▶ [TRY IT]: Start at the line in the entries below that contains "#4674 = VERTEX_POINT ( 'NONE', #9760 ) ;", stop at the line that contains "#8715 = ORIENTED_EDGE", and output exactly the lines in that span, both ends included.

===== INFORMATION GIVEN

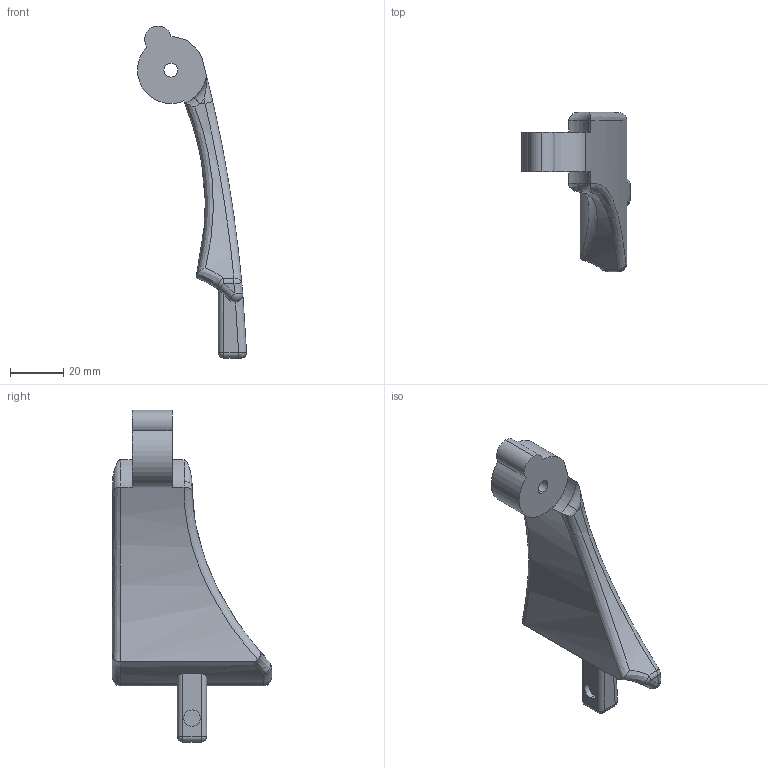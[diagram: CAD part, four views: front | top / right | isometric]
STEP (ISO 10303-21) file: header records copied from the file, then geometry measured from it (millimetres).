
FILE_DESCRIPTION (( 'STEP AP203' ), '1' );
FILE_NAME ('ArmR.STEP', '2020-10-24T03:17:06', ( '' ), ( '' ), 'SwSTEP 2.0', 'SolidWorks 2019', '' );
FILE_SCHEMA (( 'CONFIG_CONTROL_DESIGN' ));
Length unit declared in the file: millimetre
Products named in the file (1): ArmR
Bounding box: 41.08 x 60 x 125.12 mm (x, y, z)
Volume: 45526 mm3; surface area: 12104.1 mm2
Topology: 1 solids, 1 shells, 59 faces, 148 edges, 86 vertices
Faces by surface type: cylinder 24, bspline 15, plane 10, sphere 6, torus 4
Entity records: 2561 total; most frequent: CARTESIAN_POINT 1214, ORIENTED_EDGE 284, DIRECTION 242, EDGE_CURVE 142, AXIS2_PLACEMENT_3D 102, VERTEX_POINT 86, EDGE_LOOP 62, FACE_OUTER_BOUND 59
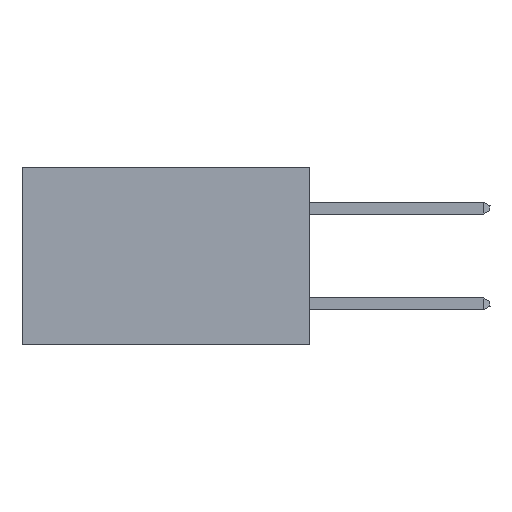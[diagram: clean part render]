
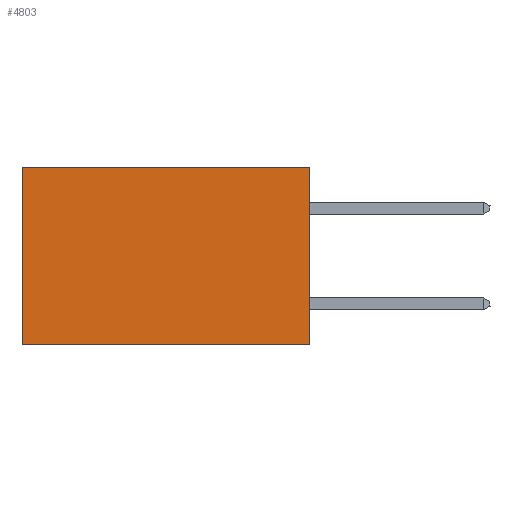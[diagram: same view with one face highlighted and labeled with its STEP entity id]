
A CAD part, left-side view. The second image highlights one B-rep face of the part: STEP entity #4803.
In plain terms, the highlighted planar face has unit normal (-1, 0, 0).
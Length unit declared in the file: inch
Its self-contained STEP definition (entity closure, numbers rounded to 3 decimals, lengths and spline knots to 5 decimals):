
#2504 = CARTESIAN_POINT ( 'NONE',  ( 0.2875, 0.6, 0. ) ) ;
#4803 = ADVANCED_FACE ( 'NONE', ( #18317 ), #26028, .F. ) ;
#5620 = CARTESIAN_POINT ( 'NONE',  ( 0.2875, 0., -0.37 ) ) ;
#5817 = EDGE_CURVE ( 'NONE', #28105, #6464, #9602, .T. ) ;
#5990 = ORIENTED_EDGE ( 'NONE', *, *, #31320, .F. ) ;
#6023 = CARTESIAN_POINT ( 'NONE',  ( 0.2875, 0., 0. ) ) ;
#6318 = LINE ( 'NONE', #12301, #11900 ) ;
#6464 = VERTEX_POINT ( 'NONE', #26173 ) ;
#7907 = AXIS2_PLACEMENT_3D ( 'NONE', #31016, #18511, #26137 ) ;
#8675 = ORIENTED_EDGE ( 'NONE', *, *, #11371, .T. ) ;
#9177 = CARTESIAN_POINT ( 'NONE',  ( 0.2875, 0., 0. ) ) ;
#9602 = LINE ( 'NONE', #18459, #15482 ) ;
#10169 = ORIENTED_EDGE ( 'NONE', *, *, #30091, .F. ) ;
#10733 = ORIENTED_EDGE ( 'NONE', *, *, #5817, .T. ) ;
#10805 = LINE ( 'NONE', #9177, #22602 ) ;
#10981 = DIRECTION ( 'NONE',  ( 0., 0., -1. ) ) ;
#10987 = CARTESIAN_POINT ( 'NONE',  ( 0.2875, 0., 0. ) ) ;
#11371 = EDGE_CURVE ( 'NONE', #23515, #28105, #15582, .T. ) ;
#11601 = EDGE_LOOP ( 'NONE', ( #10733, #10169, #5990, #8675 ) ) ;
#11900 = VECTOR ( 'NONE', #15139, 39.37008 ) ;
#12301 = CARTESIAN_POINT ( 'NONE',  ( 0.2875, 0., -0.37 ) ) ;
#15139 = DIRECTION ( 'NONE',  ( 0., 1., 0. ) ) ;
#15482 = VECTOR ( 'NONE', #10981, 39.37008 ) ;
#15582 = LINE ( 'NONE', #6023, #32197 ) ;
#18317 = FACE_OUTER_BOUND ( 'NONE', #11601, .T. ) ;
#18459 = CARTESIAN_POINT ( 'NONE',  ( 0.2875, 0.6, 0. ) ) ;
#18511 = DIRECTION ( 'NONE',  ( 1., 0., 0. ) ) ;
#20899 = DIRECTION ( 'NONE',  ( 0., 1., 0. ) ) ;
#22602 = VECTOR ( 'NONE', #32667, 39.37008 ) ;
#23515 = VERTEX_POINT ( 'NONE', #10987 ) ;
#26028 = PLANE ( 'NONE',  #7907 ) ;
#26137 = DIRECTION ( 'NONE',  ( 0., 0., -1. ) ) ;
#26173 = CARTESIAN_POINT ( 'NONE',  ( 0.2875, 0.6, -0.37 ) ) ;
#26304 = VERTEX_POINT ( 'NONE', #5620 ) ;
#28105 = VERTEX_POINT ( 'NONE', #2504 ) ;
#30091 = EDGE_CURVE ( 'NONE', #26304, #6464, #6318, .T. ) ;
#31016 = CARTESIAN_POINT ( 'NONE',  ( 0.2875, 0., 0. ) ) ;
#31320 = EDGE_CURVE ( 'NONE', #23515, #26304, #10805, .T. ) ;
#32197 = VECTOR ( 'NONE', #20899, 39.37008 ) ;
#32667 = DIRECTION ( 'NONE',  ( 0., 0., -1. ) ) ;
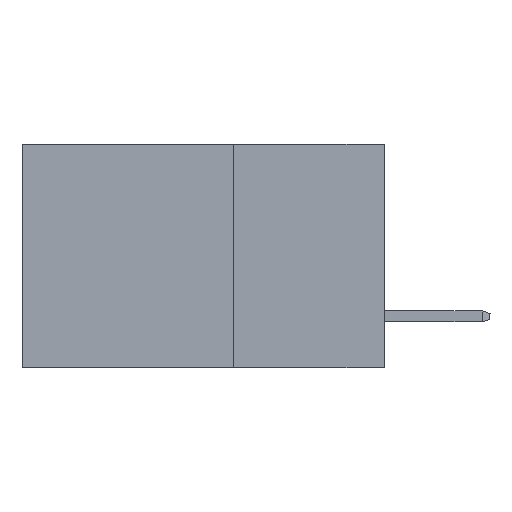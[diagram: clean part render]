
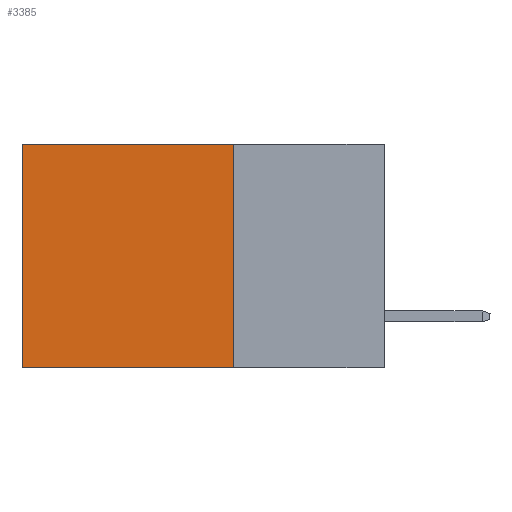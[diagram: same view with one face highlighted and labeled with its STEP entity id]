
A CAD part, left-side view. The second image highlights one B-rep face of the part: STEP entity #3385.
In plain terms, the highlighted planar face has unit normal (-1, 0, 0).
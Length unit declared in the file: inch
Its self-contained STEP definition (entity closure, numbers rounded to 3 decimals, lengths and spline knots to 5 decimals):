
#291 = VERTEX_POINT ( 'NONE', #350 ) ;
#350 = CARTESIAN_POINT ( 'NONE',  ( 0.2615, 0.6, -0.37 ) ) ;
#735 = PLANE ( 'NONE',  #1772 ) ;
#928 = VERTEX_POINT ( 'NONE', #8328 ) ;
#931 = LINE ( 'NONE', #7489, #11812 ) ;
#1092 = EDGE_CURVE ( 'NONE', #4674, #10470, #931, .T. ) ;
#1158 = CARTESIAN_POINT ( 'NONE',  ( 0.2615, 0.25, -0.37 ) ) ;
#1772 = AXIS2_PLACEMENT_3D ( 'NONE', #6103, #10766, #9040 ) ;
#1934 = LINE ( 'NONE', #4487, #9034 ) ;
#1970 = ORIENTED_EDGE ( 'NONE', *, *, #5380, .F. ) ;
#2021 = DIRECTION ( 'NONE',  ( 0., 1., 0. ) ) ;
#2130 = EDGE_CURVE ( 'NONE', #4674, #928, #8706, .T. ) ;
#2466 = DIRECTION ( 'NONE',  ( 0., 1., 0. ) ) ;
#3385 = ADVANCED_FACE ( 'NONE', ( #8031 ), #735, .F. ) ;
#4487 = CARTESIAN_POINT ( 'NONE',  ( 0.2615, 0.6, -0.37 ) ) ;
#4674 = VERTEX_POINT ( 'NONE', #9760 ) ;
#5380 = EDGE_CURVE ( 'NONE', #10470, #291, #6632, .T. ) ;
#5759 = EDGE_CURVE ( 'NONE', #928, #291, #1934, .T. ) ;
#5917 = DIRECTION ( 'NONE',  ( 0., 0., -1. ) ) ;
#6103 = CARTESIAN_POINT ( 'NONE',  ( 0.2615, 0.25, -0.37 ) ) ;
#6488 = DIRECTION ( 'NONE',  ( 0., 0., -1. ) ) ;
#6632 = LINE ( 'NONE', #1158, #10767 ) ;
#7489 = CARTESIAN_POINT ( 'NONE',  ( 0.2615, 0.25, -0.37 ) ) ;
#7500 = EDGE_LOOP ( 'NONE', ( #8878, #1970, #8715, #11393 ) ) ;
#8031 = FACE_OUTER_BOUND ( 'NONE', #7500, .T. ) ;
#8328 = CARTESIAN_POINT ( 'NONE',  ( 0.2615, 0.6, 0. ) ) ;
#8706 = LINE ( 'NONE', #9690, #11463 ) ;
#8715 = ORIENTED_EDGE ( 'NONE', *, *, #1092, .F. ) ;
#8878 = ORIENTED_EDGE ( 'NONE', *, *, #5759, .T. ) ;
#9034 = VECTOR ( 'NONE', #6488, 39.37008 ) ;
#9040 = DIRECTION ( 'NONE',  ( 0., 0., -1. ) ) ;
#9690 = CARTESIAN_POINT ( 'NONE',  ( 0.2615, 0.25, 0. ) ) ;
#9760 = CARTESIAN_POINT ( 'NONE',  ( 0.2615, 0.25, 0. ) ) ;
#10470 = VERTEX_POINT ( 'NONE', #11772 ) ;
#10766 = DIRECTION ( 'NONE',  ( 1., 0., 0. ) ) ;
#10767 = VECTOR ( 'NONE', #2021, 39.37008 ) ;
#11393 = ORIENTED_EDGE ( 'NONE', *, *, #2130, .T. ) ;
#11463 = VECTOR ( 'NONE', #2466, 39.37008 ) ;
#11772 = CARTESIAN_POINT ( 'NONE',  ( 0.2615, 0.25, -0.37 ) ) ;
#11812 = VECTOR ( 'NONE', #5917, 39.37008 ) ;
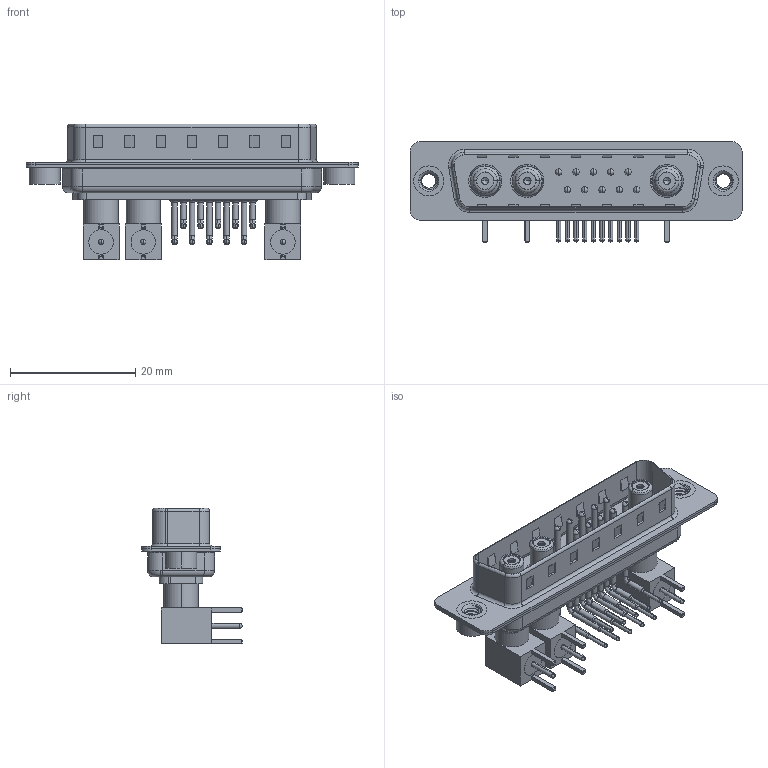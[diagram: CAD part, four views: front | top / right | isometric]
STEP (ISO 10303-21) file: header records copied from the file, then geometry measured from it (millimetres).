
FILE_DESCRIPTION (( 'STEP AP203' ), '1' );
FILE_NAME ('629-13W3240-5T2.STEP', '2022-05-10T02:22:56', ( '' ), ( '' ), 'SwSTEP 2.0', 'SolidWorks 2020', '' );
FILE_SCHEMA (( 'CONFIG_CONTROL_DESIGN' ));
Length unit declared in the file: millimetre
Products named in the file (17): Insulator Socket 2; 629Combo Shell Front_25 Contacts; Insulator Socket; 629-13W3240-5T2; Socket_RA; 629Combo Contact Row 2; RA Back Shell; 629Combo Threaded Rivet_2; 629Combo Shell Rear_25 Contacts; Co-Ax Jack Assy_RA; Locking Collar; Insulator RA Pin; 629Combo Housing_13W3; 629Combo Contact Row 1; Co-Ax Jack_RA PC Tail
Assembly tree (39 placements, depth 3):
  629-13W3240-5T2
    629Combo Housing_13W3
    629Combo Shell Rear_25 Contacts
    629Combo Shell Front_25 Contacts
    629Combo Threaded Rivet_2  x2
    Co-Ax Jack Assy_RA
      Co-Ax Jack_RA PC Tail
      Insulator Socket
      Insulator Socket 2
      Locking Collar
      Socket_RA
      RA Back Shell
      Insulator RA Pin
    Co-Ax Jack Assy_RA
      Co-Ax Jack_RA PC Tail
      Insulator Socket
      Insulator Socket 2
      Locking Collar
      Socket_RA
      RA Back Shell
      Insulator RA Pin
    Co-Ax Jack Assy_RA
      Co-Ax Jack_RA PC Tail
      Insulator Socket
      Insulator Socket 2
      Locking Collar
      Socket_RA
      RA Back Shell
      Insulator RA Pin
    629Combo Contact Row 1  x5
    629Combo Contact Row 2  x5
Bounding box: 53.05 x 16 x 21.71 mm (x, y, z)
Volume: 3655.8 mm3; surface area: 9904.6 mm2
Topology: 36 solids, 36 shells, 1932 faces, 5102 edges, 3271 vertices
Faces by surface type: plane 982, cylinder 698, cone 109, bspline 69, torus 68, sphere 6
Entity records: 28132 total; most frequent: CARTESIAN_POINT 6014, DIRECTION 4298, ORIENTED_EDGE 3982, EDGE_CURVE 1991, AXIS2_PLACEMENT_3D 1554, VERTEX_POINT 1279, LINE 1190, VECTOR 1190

==========

▶ [RESULT OF THIS TASK]:
#4674 = VERTEX_POINT ( 'NONE', #9760 ) ;
#5380 = EDGE_CURVE ( 'NONE', #10470, #291, #6632, .T. ) ;
#5759 = EDGE_CURVE ( 'NONE', #928, #291, #1934, .T. ) ;
#5917 = DIRECTION ( 'NONE',  ( 0., 0., -1. ) ) ;
#6103 = CARTESIAN_POINT ( 'NONE',  ( 0.2615, 0.25, -0.37 ) ) ;
#6488 = DIRECTION ( 'NONE',  ( 0., 0., -1. ) ) ;
#6632 = LINE ( 'NONE', #1158, #10767 ) ;
#7489 = CARTESIAN_POINT ( 'NONE',  ( 0.2615, 0.25, -0.37 ) ) ;
#7500 = EDGE_LOOP ( 'NONE', ( #8878, #1970, #8715, #11393 ) ) ;
#8031 = FACE_OUTER_BOUND ( 'NONE', #7500, .T. ) ;
#8328 = CARTESIAN_POINT ( 'NONE',  ( 0.2615, 0.6, 0. ) ) ;
#8706 = LINE ( 'NONE', #9690, #11463 ) ;
#8715 = ORIENTED_EDGE ( 'NONE', *, *, #1092, .F. ) ;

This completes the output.